Disclaimer: If I owned Naruto, don't you think I'd be able to draw well?

-Learning to Live Without You-

Ever since you left, I've been learning to live again.

There's a pattern to my life; have you noticed? I'm happy, thinking life couldn't get better. Then tragedy strikes.

I found you, and I couldn't have been happier. The day I proposed to you, and when you said yes; that day I think I knew that something terrible would happen to me.

I was waiting for something to happen to someone else; I was too afraid to face the facts. I knew something would happen to you, but I didn't want to admit it.

Then, when I finally faced the truth and my fears, you were gone. Dead.

I hate that word: death. That's pretty much all my life is centered around: The death of my clan, the death of Itachi, and the death of you.

The day of your memorial, Naruto said something to me that was comforting in its own absurd way: "She always said she wanted to be and die an Uchiha. I guess she got her wish, in a weird sorta way, ne?" He had a point.

Of all my questions for the gods, the most pressing would be this: why did you have to be the one to get leukemia? Why not Tenten? Or Ino? Or Hinata? Why couldn't it have been someone except you?

Now I've got a guilty voice telling me that that wasn't a very nice thing to say. If Tenten, Ino, or Hinata had died, Neji, Shikamaru, and Naruto would be feeling the same thing I am feeling.

You know what I mean, that desperately lonely feeling that makes you want to curl up and die? Sometimes I wish I could do that.

But then the voice comes back and tells me that I have to live for them. Damn voice.

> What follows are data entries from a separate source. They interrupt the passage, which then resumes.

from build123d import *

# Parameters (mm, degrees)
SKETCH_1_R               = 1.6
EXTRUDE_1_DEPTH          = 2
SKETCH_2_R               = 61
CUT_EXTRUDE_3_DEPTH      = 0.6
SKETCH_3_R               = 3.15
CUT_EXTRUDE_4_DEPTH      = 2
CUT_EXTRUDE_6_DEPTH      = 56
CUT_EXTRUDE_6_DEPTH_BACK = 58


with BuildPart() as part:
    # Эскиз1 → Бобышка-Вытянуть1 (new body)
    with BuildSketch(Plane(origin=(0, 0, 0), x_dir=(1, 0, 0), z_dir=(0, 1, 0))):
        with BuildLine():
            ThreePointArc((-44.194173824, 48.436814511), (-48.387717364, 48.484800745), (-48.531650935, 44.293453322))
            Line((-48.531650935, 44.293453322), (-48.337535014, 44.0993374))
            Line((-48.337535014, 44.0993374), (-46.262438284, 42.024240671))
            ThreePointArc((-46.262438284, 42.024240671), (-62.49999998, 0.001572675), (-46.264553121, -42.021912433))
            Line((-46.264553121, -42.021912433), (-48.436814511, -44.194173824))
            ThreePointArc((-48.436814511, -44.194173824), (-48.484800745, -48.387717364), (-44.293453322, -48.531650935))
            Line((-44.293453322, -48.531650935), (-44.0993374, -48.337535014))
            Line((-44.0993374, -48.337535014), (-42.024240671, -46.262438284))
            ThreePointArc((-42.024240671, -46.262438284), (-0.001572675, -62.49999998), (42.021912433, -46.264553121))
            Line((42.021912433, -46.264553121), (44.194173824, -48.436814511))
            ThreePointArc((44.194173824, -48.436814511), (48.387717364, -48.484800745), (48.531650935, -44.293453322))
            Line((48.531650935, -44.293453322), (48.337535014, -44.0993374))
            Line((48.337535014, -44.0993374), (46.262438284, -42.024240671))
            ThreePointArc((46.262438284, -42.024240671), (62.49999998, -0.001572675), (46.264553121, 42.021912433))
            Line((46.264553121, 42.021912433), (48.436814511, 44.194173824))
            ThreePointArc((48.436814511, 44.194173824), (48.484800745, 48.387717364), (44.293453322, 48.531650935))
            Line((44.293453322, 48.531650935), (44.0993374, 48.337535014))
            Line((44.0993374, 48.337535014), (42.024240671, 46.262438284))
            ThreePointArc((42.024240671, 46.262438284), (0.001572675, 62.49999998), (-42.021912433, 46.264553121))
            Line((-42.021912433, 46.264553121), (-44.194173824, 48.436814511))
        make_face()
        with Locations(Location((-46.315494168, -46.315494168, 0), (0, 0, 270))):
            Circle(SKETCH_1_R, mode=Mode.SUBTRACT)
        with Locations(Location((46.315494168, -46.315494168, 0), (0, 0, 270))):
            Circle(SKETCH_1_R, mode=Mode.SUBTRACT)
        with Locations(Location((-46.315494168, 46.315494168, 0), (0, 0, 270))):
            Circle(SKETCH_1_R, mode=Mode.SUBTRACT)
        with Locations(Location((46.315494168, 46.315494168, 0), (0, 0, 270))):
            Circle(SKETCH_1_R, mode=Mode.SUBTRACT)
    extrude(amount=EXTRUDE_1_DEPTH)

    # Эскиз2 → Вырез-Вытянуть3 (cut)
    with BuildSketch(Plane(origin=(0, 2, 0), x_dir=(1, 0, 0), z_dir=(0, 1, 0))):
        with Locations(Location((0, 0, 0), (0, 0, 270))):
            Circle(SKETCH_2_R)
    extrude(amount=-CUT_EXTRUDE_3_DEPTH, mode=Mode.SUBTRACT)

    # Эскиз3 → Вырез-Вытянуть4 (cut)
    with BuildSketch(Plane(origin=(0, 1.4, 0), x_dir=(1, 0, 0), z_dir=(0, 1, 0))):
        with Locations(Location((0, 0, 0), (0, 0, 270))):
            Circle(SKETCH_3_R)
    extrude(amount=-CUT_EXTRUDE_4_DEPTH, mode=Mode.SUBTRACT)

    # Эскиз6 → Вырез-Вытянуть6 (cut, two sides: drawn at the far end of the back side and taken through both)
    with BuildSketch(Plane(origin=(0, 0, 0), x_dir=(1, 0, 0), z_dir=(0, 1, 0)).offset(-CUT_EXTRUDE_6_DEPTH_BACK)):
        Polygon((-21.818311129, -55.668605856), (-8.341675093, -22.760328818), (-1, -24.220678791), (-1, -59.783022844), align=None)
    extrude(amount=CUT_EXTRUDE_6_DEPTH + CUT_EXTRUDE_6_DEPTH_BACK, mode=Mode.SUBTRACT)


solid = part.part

Them. The friends and companions I have gained over the years. I know that if I died or left, Naruto would be torn. His heart has already suffered too many blows: having no parents; the villagers ridiculing him. And now that you've gone, Hinata's gonna have her work cut out for her, healing that idiot's broken heart.

I sit her at your grave, contemplating my life, my past, you, and what would happen if I decided to just end it all. Maybe I should go.

---

The young man stands up, still gazing upon the stone tablet that marked where his dead lover lay.

"I'm leaving now, Sakura. But don't worry, I'll be back tomorrow."

The young man turns, and begins to walk away, looking and feeling helpless. He pauses. Looking up, and a few sakura blossoms fall upon the man's upturned face. He smiles. "So you've been listening, have you...Sakura."